Your goal: Scan each line of the entries below for the word "lineweight" and count the ones where it appears. The answer is that number alone.

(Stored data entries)
§ §

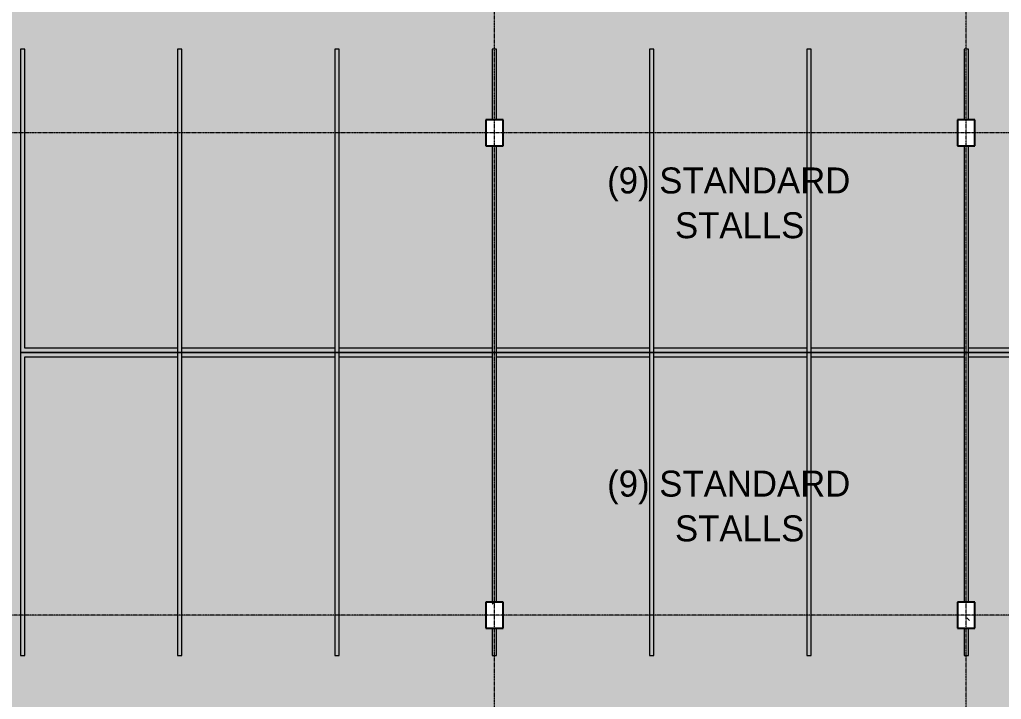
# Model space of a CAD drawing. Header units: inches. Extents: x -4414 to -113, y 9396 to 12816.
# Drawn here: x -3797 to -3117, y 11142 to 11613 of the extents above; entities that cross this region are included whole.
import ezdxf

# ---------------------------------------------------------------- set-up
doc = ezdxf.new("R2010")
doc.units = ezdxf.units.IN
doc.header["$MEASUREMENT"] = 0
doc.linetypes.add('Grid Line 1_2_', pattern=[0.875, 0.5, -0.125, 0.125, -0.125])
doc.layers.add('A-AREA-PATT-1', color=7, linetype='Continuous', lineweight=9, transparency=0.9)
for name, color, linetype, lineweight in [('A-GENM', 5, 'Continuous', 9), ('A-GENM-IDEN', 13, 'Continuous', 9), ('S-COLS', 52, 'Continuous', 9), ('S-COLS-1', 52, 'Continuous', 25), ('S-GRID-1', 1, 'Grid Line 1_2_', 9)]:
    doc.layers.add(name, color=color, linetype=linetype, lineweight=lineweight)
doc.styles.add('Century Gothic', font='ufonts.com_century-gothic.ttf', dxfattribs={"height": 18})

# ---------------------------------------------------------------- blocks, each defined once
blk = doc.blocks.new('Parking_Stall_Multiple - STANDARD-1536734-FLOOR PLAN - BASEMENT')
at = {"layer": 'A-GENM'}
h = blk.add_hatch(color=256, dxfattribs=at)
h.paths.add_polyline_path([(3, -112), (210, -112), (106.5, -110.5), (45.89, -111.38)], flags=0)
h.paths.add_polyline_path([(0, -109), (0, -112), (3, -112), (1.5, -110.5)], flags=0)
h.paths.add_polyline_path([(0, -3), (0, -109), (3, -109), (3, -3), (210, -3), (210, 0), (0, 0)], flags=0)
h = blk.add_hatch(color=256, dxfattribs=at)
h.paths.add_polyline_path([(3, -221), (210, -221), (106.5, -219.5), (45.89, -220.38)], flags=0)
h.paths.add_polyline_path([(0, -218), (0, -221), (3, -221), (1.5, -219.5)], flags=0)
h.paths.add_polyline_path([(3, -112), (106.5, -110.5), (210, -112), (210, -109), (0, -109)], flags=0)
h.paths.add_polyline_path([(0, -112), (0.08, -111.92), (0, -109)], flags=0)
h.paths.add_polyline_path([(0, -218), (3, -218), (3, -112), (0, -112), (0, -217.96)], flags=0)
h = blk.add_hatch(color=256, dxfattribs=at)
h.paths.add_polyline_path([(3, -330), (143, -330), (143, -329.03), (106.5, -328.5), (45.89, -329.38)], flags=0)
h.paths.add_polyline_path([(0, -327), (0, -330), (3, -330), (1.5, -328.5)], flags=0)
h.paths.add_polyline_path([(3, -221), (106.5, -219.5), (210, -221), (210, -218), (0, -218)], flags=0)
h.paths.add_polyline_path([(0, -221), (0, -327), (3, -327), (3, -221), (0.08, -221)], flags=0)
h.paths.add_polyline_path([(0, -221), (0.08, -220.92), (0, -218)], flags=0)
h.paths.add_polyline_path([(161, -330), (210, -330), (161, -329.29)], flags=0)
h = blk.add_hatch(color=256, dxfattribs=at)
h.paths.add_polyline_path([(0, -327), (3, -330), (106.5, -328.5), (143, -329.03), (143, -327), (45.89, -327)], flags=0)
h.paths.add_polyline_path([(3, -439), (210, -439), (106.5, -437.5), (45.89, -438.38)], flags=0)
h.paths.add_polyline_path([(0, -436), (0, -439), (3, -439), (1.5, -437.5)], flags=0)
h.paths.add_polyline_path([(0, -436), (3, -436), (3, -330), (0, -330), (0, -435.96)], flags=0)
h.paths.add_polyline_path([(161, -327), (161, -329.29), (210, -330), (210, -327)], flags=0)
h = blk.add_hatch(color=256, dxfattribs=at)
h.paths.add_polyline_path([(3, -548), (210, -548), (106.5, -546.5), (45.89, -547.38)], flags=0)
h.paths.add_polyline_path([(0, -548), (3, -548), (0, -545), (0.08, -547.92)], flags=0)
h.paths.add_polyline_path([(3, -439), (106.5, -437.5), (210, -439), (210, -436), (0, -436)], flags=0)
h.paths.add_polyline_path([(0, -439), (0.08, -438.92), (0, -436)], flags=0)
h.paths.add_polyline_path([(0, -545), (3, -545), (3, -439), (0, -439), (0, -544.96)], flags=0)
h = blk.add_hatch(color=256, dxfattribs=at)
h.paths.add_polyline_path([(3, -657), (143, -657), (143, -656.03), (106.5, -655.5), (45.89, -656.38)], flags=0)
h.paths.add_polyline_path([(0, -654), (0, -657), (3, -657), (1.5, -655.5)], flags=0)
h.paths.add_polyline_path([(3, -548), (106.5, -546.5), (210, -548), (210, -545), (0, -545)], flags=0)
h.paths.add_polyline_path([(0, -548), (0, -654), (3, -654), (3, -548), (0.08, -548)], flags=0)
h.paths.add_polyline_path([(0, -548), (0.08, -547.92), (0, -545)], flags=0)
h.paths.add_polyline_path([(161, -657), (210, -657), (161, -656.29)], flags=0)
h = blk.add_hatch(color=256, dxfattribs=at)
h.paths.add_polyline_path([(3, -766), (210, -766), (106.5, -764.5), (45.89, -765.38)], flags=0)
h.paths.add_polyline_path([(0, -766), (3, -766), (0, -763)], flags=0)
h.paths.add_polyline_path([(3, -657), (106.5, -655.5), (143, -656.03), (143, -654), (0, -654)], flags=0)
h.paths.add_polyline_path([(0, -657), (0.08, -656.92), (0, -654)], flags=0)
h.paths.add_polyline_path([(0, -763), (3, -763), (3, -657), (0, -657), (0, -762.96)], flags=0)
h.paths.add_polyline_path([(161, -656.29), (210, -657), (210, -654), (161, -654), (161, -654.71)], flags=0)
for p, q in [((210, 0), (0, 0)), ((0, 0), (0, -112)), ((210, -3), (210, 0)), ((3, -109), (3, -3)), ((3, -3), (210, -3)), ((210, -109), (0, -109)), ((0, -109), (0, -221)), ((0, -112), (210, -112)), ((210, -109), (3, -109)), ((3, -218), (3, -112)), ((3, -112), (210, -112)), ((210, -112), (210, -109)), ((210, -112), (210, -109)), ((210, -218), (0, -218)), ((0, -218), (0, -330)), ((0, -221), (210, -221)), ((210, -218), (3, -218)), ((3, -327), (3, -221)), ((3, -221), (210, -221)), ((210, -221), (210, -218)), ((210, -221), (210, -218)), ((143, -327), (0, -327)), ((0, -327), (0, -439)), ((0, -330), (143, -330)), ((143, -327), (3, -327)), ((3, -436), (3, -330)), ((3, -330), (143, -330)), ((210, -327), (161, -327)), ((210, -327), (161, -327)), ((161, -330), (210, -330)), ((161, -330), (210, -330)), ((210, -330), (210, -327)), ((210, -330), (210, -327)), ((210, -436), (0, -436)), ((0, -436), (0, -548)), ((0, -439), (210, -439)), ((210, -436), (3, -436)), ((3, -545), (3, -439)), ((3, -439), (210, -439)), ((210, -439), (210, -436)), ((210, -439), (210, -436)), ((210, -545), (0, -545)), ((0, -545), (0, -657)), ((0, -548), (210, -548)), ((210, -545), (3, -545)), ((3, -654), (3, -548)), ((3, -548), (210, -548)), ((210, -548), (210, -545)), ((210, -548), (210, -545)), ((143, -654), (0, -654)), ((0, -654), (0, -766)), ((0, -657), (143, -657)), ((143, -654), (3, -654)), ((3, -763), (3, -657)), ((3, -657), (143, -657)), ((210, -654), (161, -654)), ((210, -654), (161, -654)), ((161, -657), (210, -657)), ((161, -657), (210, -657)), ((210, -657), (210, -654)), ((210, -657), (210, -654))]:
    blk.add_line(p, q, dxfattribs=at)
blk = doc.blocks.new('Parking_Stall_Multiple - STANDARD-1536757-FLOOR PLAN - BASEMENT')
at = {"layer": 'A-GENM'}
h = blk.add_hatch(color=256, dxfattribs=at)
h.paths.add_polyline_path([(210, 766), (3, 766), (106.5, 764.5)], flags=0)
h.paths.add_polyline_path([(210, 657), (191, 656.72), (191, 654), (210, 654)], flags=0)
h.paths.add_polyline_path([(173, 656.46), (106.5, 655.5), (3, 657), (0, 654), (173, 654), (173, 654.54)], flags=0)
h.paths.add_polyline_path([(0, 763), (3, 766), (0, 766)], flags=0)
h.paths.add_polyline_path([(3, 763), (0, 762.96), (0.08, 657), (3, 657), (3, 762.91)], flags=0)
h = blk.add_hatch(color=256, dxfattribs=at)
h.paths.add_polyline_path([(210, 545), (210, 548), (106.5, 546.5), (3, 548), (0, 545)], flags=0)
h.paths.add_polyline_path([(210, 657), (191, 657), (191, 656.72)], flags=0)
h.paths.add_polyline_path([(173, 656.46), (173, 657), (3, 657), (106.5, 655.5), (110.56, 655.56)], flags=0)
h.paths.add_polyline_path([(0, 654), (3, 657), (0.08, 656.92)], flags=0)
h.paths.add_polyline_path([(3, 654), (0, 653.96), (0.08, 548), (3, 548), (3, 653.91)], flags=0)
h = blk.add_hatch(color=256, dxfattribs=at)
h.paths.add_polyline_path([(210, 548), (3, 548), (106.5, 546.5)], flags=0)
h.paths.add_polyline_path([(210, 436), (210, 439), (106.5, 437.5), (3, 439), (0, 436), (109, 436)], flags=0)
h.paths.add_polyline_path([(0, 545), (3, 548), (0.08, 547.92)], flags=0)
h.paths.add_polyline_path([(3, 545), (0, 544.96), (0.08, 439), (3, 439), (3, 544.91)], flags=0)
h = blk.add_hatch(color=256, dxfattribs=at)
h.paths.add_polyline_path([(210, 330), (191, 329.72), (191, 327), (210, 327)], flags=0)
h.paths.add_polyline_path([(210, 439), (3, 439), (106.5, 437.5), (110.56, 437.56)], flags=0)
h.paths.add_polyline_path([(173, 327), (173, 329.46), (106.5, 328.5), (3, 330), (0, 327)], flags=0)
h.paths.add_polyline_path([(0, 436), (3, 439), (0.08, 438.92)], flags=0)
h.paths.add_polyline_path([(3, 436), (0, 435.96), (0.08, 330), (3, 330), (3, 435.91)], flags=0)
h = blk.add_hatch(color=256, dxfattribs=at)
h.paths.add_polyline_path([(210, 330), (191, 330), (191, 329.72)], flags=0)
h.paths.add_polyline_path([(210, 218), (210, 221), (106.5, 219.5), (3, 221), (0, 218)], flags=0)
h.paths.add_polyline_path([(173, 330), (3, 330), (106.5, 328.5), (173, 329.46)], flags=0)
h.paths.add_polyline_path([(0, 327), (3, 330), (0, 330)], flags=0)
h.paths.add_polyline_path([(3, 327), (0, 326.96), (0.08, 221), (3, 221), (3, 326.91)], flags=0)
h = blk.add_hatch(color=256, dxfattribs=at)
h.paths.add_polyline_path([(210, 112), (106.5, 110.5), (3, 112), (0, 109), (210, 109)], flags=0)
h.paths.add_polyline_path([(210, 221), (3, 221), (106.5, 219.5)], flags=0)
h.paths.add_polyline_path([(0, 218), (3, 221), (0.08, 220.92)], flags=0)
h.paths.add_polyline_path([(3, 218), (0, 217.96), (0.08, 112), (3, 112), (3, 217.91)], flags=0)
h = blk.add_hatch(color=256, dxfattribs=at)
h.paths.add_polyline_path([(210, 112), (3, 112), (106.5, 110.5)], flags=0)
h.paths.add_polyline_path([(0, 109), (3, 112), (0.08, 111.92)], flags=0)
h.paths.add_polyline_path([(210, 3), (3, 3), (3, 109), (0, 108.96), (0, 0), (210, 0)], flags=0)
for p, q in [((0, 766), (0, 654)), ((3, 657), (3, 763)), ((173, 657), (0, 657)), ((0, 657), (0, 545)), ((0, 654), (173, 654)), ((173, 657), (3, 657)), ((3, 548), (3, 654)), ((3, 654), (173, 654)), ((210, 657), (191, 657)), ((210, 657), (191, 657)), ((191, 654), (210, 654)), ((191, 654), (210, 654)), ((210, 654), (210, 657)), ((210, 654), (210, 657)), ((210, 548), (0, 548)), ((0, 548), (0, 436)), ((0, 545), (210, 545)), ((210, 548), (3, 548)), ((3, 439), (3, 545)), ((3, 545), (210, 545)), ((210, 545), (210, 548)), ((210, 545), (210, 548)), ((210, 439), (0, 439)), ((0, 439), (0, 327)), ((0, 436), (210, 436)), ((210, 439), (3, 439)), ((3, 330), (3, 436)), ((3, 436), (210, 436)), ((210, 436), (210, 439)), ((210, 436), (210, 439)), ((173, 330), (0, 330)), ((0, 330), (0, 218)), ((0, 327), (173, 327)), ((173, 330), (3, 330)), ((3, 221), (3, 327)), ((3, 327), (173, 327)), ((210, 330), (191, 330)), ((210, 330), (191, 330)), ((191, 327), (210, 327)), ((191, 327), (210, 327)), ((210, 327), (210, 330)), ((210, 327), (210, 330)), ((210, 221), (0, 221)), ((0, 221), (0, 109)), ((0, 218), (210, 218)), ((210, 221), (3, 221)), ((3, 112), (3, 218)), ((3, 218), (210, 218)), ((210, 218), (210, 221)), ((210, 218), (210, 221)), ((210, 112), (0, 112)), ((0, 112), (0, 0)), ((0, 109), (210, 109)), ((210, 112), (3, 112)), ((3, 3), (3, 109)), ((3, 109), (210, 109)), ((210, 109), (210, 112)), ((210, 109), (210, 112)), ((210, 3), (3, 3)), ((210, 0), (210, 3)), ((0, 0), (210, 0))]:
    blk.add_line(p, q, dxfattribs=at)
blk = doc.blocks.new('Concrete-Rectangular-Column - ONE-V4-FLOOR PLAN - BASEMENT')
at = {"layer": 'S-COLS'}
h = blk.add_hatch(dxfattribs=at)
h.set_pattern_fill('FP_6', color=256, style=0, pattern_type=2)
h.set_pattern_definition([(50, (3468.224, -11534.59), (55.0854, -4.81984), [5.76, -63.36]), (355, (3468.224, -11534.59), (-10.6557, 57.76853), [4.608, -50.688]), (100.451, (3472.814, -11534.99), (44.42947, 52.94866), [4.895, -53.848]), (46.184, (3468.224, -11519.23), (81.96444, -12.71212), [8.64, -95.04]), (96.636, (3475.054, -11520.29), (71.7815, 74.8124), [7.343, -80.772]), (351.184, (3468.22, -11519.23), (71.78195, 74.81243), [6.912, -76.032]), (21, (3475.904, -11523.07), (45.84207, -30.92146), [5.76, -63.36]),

§ §

Worked solution: 3